BEGIN Data records
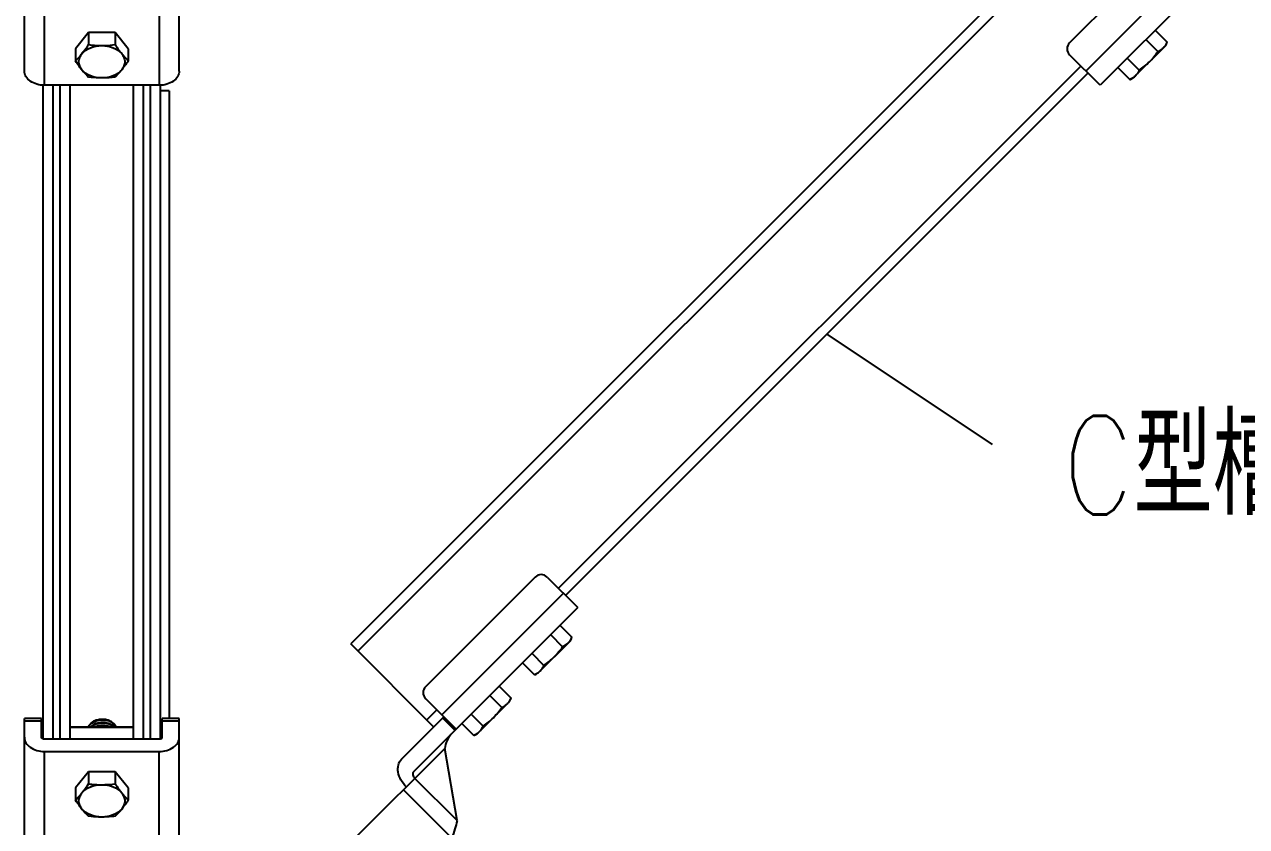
# Model space of a CAD drawing. Extents: x 1382187 to 1725648, y 860327 to 1571294.
# Drawn here: x 1531597 to 1536550, y 1212180 to 1215432 of the extents above; entities that cross this region are included whole.
import ezdxf

# ---------------------------------------------------------------- set-up
doc = ezdxf.new("R2010")
doc.units = 0
doc.header["$LTSCALE"] = 1000
doc.header["$MEASUREMENT"] = 0
doc.layers.add('W_DIM', color=4, linetype='Continuous')
doc.styles.get("Standard").update_dxf_attribs({"font": 'gbenor.shx', "bigfont": 'gbcbig.shx'})
doc.styles.add('wwp100', font='txt.shx', dxfattribs={"width": 0.7, "height": 400, "bigfont": 'hztxt.shx'})
doc.dimstyles.get("Standard").update_dxf_attribs({"dimtxt": 0.18, "dimasz": 0.18, "dimexe": 0.18, "dimexo": 0.0625, "dimgap": 0.09, "dimtad": 0, "dimtih": 1, "dimtoh": 1, "dimdec": 4, "dimzin": 0, "dimdsep": 46, "dimtxsty": 'Standard', "dimcen": 0.09, "dimadec": 0, "dimazin": 0, "dimtfac": 1, "dimtdec": 4, "dimtofl": 0, "dimtmove": 0, "dimatfit": 3, "dimfxl": 0, "dimtolj": 1, "dimtzin": 0, "dimarcsym": 0})

msp = doc.modelspace()

# ---------------------------------------------------------------- linework, layer by layer
at = {"linetype": 'Continuous'}
for p, q in [((1536104.2, 1216104.9), (1532919.4, 1212920)), ((1536133, 1216076.1), (1532948.1, 1212891.3)), ((1531597.1, 1215242.4), (1531597.1, 1215811.2)), ((1532224.4, 1215242.4), (1532224.4, 1215811.2)), ((1535833.2, 1215357.4), (1536276.7, 1215801)), ((1535898.9, 1215242.4), (1536391.7, 1215735.3)), ((1531678.4, 1215184.9), (1531678.4, 1215708.7)), ((1532143.1, 1215679.2), (1532143.1, 1215184.9)), ((1536464.4, 1215693), (1535956.4, 1215184.9)), ((1531857.1, 1215398.5), (1531803.4, 1215332.8)), ((1531857.1, 1215398.5), (1531857.1, 1215349.6)), ((1531964.4, 1215398.5), (1531857.1, 1215398.5)), ((1531964.4, 1215398.5), (1531964.4, 1215349.6)), ((1532018.1, 1215332.8), (1531964.4, 1215398.5)), ((1536142.2, 1215370.7), (1536191, 1215321.9)), ((1536180.1, 1215408.7), (1536229, 1215359.8)), ((1531803.4, 1215332.8), (1531803.4, 1215283.9)), ((1532018.1, 1215332.8), (1532018.1, 1215283.9)), ((1536091.1, 1215214.5), (1536222.5, 1215345.9)), ((1536222.5, 1215345.9), (1536229, 1215359.8)), ((1535956.4, 1215184.9), (1535833.2, 1215308.1)), ((1536066.3, 1215294.9), (1536115.2, 1215246)), ((1535878.3, 1215263), (1533761.3, 1213145.9)), ((1535907.1, 1215234.2), (1533790, 1213117.2)), ((1536028.3, 1215256.9), (1536077.2, 1215208)), ((1531672.6, 1212534.7), (1531672.6, 1215184.9)), ((1532143.1, 1215184.9), (1531678.4, 1215184.9)), ((1531713.3, 1212533.5), (1531713.3, 1215184.9)), ((1531742.3, 1212533.5), (1531742.3, 1215184.9)), ((1531783, 1212533.5), (1531783, 1215184.9)), ((1532038.5, 1212533.5), (1532038.5, 1215184.9)), ((1532079.2, 1212533.5), (1532079.2, 1215184.9)), ((1532108.2, 1212533.5), (1532108.2, 1215184.9)), ((1532148.9, 1212534.7), (1532148.9, 1215184.9)), ((1536091.1, 1215214.5), (1536077.2, 1215208)), ((1532183.7, 1215162.3), (1532148.9, 1215162.3)), ((1532183.7, 1215162.3), (1532183.7, 1212617.6)), ((1533666.8, 1213191.1), (1533223.3, 1212747.5)), ((1533716.1, 1213191.1), (1533839.3, 1213067.9)), ((1533781.8, 1213125.4), (1533289, 1212632.6)), ((1533346.5, 1212575.1), (1533839.3, 1213067.9)), ((1533767.3, 1212995.9), (1533816.2, 1212947)), ((1533729.4, 1212958), (1533778.3, 1212909.1)), ((1533809.7, 1212933.2), (1533816.2, 1212947)), ((1533256.1, 1212583.3), (1532919.4, 1212920)), ((1533678.3, 1212801.8), (1533809.7, 1212933.2)), ((1533615.6, 1212844.2), (1533664.5, 1212795.3)), ((1533653.5, 1212882.1), (1533702.4, 1212833.2)), ((1533678.3, 1212801.8), (1533664.5, 1212795.3)), ((1533520.9, 1212749.5), (1533569.8, 1212700.6)), ((1533346.1, 1212575.5), (1533223.3, 1212698.3)), ((1533483, 1212711.6), (1533531.9, 1212662.7)), ((1533563.3, 1212686.8), (1533569.8, 1212700.6)), ((1533268.5, 1212653.1), (1533227.4, 1212612)), ((1533431.9, 1212555.3), (1533563.3, 1212686.8)), ((1531597.1, 1212048.9), (1531597.1, 1212617.6)), ((1531666.8, 1212617.6), (1531597.1, 1212617.6)), ((1531666.8, 1212607.4), (1531597.1, 1212607.4)), ((1531666.8, 1212541.7), (1531666.8, 1212617.6)), ((1532154.7, 1212541.7), (1532154.7, 1212617.6)), ((1532224.4, 1212617.6), (1532154.7, 1212617.6)), ((1532224.4, 1212607.4), (1532154.7, 1212607.4)), ((1532224.4, 1212048.9), (1532224.4, 1212617.6)), ((1533125.3, 1212452.4), (1533295.7, 1212622.9)), ((1533292.4, 1212619.5), (1533341.7, 1212570.2)), ((1533369.2, 1212597.7), (1533418, 1212548.9)), ((1533407.1, 1212635.7), (1533456, 1212586.8)), ((1531783, 1212584.5), (1532038.5, 1212584.5)), ((1531783, 1212582.8), (1532038.5, 1212582.8)), ((1533174.6, 1212403.2), (1533345, 1212573.6)), ((1533431.9, 1212555.3), (1533418, 1212548.9)), ((1532143.1, 1212533.5), (1531678.4, 1212533.5)), ((1531785, 1212535), (1531786.5, 1212533.5)), ((1532035, 1212533.5), (1532036.5, 1212535)), ((1532932.7, 1212128.4), (1533300.4, 1212496.1)), ((1533350.5, 1212204), (1533300.4, 1212496.1)), ((1531678.4, 1211989.9), (1531678.4, 1212484.2)), ((1531678.4, 1212484.2), (1532143.1, 1212484.2)), ((1532143.1, 1211976.1), (1532143.1, 1212484.2)), ((1531857.1, 1212402.1), (1531803.4, 1212336.4)), ((1531857.1, 1212402.1), (1531857.1, 1212353.2)), ((1531964.4, 1212402.1), (1531857.1, 1212402.1)), ((1532018.1, 1212336.4), (1531964.4, 1212402.1)), ((1531964.4, 1212402.1), (1531964.4, 1212353.2)), ((1533350.5, 1212204), (1533179.4, 1212375.1)), ((1531803.4, 1212336.4), (1531803.4, 1212287.5)), ((1532018.1, 1212336.4), (1532018.1, 1212287.5)), ((1533132.9, 1212328.7), (1533329.3, 1212132.3))]:
    msp.add_line(p, q, dxfattribs=at)
for centre, radius, start, end in [((1535857.8, 1215332.8), 34.8, 135, 225), ((1531570.8, 1215524.9), 334.9, 313.9914, 320.7735), ((1532089.7, 1215459.2), 334.9, 219.2265, 226.0086), ((1533691.5, 1213166.4), 34.8, 45, 135), ((1533247.9, 1212722.9), 34.8, 135, 225), ((1531913.2, 1212535), 67.1, 100.3047, 102.2499), ((1531916, 1212545), 68.9, 69.4703, 74.8773), ((1531916.9, 1212546), 66.1, 69.6939, 69.8962), ((1531917.8, 1212548.5), 63.5, 65.0364, 69.7243), ((1531913.3, 1212522.2), 67.6, 99.5601, 100.813), ((1531930.4, 1212556.7), 40.6, 43.29, 44.8708), ((1531570.8, 1212528.4), 334.9, 313.9914, 320.7735), ((1532089.7, 1212462.7), 334.9, 219.2265, 226.0086)]:
    msp.add_arc(centre, radius, start, end, dxfattribs=at)
for points, knots in [([(1531830.3, 1215313.1), (1531832.6, 1215315.9), (1531841.9, 1215327.7), (1531850.7, 1215340.1), (1531857.1, 1215349.6)], [0, 0, 0, 0, 0.239452, 1, 1, 1, 1]), ([(1531830.3, 1215313.1), (1531839.1, 1215323.8), (1531865.1, 1215340.8), (1531895, 1215345.9), (1531910.8, 1215345.9)], [0, 0, 0, 0, 0.468341, 1, 1, 1, 1]), ([(1531857.1, 1215349.6), (1531861.5, 1215349.1), (1531879.3, 1215347), (1531897.3, 1215345.9), (1531910.8, 1215345.9)], [0, 0, 0, 0, 0.249182, 1, 1, 1, 1]), ([(1531910.8, 1215345.9), (1531915.2, 1215345.9), (1531933.2, 1215346.3), (1531951.1, 1215347.9), (1531964.4, 1215349.6)], [0, 0, 0, 0, 0.250767, 1, 1, 1, 1]), ([(1531910.8, 1215345.9), (1531926.5, 1215345.9), (1531956.4, 1215340.8), (1531982.4, 1215323.8), (1531991.2, 1215313.1)], [0, 0, 0, 0, 0.531659, 1, 1, 1, 1]), ([(1531964.4, 1215349.6), (1531966.6, 1215346.4), (1531975.1, 1215333.9), (1531984.1, 1215321.7), (1531991.2, 1215313.1)], [0, 0, 0, 0, 0.259411, 1, 1, 1, 1]), ([(1536191, 1215321.9), (1536193.1, 1215322.8), (1536201.3, 1215326.9), (1536208.9, 1215332.3), (1536213.7, 1215337.1)], [0, 0, 0, 0, 0.255699, 1, 1, 1, 1]), ([(1536213.7, 1215337.1), (1536215.3, 1215338.7), (1536221.4, 1215345.5), (1536226.1, 1215353.6), (1536229, 1215359.8)], [0, 0, 0, 0, 0.246322, 1, 1, 1, 1]), ([(1531830.3, 1215247.4), (1531828, 1215250.2), (1531818.6, 1215262), (1531809.9, 1215274.4), (1531803.4, 1215283.9)], [0, 0, 0, 0, 0.239452, 1, 1, 1, 1]), ([(1531830.3, 1215247.4), (1531826.4, 1215252.1), (1531820.1, 1215262.5), (1531816.7, 1215280.2), (1531820.1, 1215298), (1531826.4, 1215308.3), (1531830.3, 1215313.1)], [0, 0, 0, 0, 0.257487, 0.5, 0.742513, 1, 1, 1, 1]), ([(1531991.2, 1215313.1), (1531993.4, 1215310.4), (1532001.9, 1215300.3), (1532011.1, 1215290.7), (1532018.1, 1215283.9)], [0, 0, 0, 0, 0.264209, 1, 1, 1, 1]), ([(1531991.2, 1215313.1), (1531995.1, 1215308.3), (1532001.4, 1215298), (1532004.8, 1215280.2), (1532001.4, 1215262.5), (1531995.1, 1215252.1), (1531991.2, 1215247.4)], [0, 0, 0, 0, 0.257487, 0.5, 0.742513, 1, 1, 1, 1]), ([(1532018.1, 1215283.9), (1532015.9, 1215280.7), (1532007.3, 1215268.2), (1531998.3, 1215256), (1531991.2, 1215247.4)], [0, 0, 0, 0, 0.259411, 1, 1, 1, 1]), ([(1531678.4, 1215184.9), (1531668, 1215184.9), (1531647.6, 1215187.7), (1531621, 1215199.7), (1531602.1, 1215218.5), (1531597.1, 1215234.8), (1531597.1, 1215242.4)], [0, 0, 0, 0, 0.287977, 0.555343, 0.790527, 1, 1, 1, 1]), ([(1531910.8, 1215214.5), (1531895, 1215214.5), (1531865.1, 1215219.6), (1531839.1, 1215236.6), (1531830.3, 1215247.4)], [0, 0, 0, 0, 0.531659, 1, 1, 1, 1]), ([(1531910.8, 1215214.5), (1531906.3, 1215214.5), (1531888.3, 1215214.8), (1531870.4, 1215216.5), (1531857.1, 1215218.2)], [0, 0, 0, 0, 0.250767, 1, 1, 1, 1]), ([(1531991.2, 1215247.4), (1531982.4, 1215236.6), (1531956.4, 1215219.6), (1531926.5, 1215214.5), (1531910.8, 1215214.5)], [0, 0, 0, 0, 0.468341, 1, 1, 1, 1]), ([(1531964.4, 1215218.2), (1531960, 1215217.6), (1531942.2, 1215215.6), (1531924.2, 1215214.5), (1531910.8, 1215214.5)], [0, 0, 0, 0, 0.249182, 1, 1, 1, 1]), ([(1531991.2, 1215247.4), (1531989, 1215244.7), (1531980.5, 1215234.6), (1531971.4, 1215225), (1531964.4, 1215218.2)], [0, 0, 0, 0, 0.264209, 1, 1, 1, 1]), ([(1532224.4, 1215242.4), (1532224.4, 1215234.8), (1532219.4, 1215218.5), (1532200.5, 1215199.7), (1532173.9, 1215187.7), (1532153.5, 1215184.9), (1532143.1, 1215184.9)], [0, 0, 0, 0, 0.209473, 0.444657, 0.712023, 1, 1, 1, 1]), ([(1536099.9, 1215223.3), (1536101.5, 1215224.9), (1536107.6, 1215231.7), (1536112.2, 1215239.7), (1536115.2, 1215246)], [0, 0, 0, 0, 0.246322, 1, 1, 1, 1]), ([(1536077.2, 1215208), (1536078.4, 1215208.6), (1536082.9, 1215210.8), (1536087.3, 1215213.3), (1536090.4, 1215215.5)], [0, 0, 0, 0, 0.253346, 1, 1, 1, 1]), ([(1533800.9, 1212924.4), (1533802.5, 1212926), (1533808.7, 1212932.8), (1533813.3, 1212940.8), (1533816.2, 1212947)], [0, 0, 0, 0, 0.246322, 1, 1, 1, 1]), ([(1533778.3, 1212909.1), (1533780.4, 1212910.1), (1533788.6, 1212914.2), (1533796.1, 1212919.6), (1533800.9, 1212924.4)], [0, 0, 0, 0, 0.255699, 1, 1, 1, 1]), ([(1533664.5, 1212795.3), (1533665.6, 1212795.8), (1533670.2, 1212798), (1533674.6, 1212800.6), (1533677.7, 1212802.7)], [0, 0, 0, 0, 0.253346, 1, 1, 1, 1]), ([(1533687.1, 1212810.6), (1533688.7, 1212812.2), (1533694.8, 1212819), (1533699.5, 1212827), (1533702.4, 1212833.2)], [0, 0, 0, 0, 0.246322, 1, 1, 1, 1]), ([(1533554.5, 1212678), (1533556.1, 1212679.6), (1533562.2, 1212686.4), (1533566.9, 1212694.4), (1533569.8, 1212700.6)], [0, 0, 0, 0, 0.246322, 1, 1, 1, 1]), ([(1533531.9, 1212662.7), (1533534, 1212663.7), (1533542.1, 1212667.8), (1533549.7, 1212673.2), (1533554.5, 1212678)], [0, 0, 0, 0, 0.255699, 1, 1, 1, 1]), ([(1531866.3, 1212597.7), (1531865.2, 1212596.8), (1531861.2, 1212592.9), (1531857.9, 1212588.2), (1531856.1, 1212584.5)], [0, 0, 0, 0, 0.260908, 1, 1, 1, 1]), ([(1531856.9, 1212584.5), (1531857.2, 1212585.1), (1531858.7, 1212587.7), (1531860.5, 1212590.1), (1531862, 1212591.8)], [0, 0, 0, 0, 0.244964, 1, 1, 1, 1]), ([(1531862, 1212591.8), (1531870.7, 1212601.9), (1531891, 1212611.6), (1531918.7, 1212613.4), (1531933, 1212610.6), (1531939.6, 1212608.1)], [0, 0, 0, 0, 0.481069, 0.745193, 1, 1, 1, 1]), ([(1531959.1, 1212585.3), (1531953.7, 1212590.8), (1531938.7, 1212599.3), (1531913.1, 1212603.2), (1531886.9, 1212598.9), (1531871.3, 1212590.2), (1531865.3, 1212584.5)], [0, 0, 0, 0, 0.229048, 0.489241, 0.755135, 1, 1, 1, 1]), ([(1531866.3, 1212597.7), (1531873.9, 1212606.4), (1531891.6, 1212614.8), (1531915.7, 1212616.3), (1531928.2, 1212613.7), (1531934, 1212611.5)], [0, 0, 0, 0, 0.4793, 0.744107, 1, 1, 1, 1]), ([(1531933.9, 1212611.5), (1531922.2, 1212614.7), (1531897.7, 1212615.3), (1531874.9, 1212605.4), (1531866.3, 1212597.7)], [0, 0, 0, 0, 0.51374, 1, 1, 1, 1]), ([(1531867, 1212584.5), (1531873.1, 1212589.8), (1531888.4, 1212597.8), (1531913.7, 1212601.6), (1531938.5, 1212597.7), (1531952.9, 1212589.7), (1531958.4, 1212584.5)], [0, 0, 0, 0, 0.246285, 0.511502, 0.770596, 1, 1, 1, 1]), ([(1531926, 1212613.3), (1531923.8, 1212613.7), (1531915, 1212614.9), (1531906, 1212614.3), (1531899.5, 1212613)], [0, 0, 0, 0, 0.246819, 1, 1, 1, 1]), ([(1531928, 1212600.5), (1531925.8, 1212601), (1531917, 1212602.5), (1531907.9, 1212602.2), (1531901.2, 1212601)], [0, 0, 0, 0, 0.245752, 1, 1, 1, 1]), ([(1531951.8, 1212603.6), (1531950.9, 1212604.2), (1531947.2, 1212606.5), (1531943.2, 1212608.3), (1531940.1, 1212609.5)], [0, 0, 0, 0, 0.242042, 1, 1, 1, 1]), ([(1531944.6, 1212606), (1531945.2, 1212605.8), (1531947.4, 1212604.7), (1531949.6, 1212603.5), (1531951.1, 1212602.5)], [0, 0, 0, 0, 0.254738, 1, 1, 1, 1]), ([(1531951.1, 1212602.5), (1531954.7, 1212600.2), (1531961.1, 1212595), (1531965.5, 1212588.1), (1531966.9, 1212584.5)], [0, 0, 0, 0, 0.526239, 1, 1, 1, 1]), ([(1531951.8, 1212603.6), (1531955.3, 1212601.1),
END Data records
=== What the task requires ===
In the lines above, find the word "bigfont" and copy each line that contains it.

=== Solution ===
doc.styles.get("Standard").update_dxf_attribs({"font": 'gbenor.shx', "bigfont": 'gbcbig.shx'})
doc.styles.add('wwp100', font='txt.shx', dxfattribs={"width": 0.7, "height": 400, "bigfont": 'hztxt.shx'})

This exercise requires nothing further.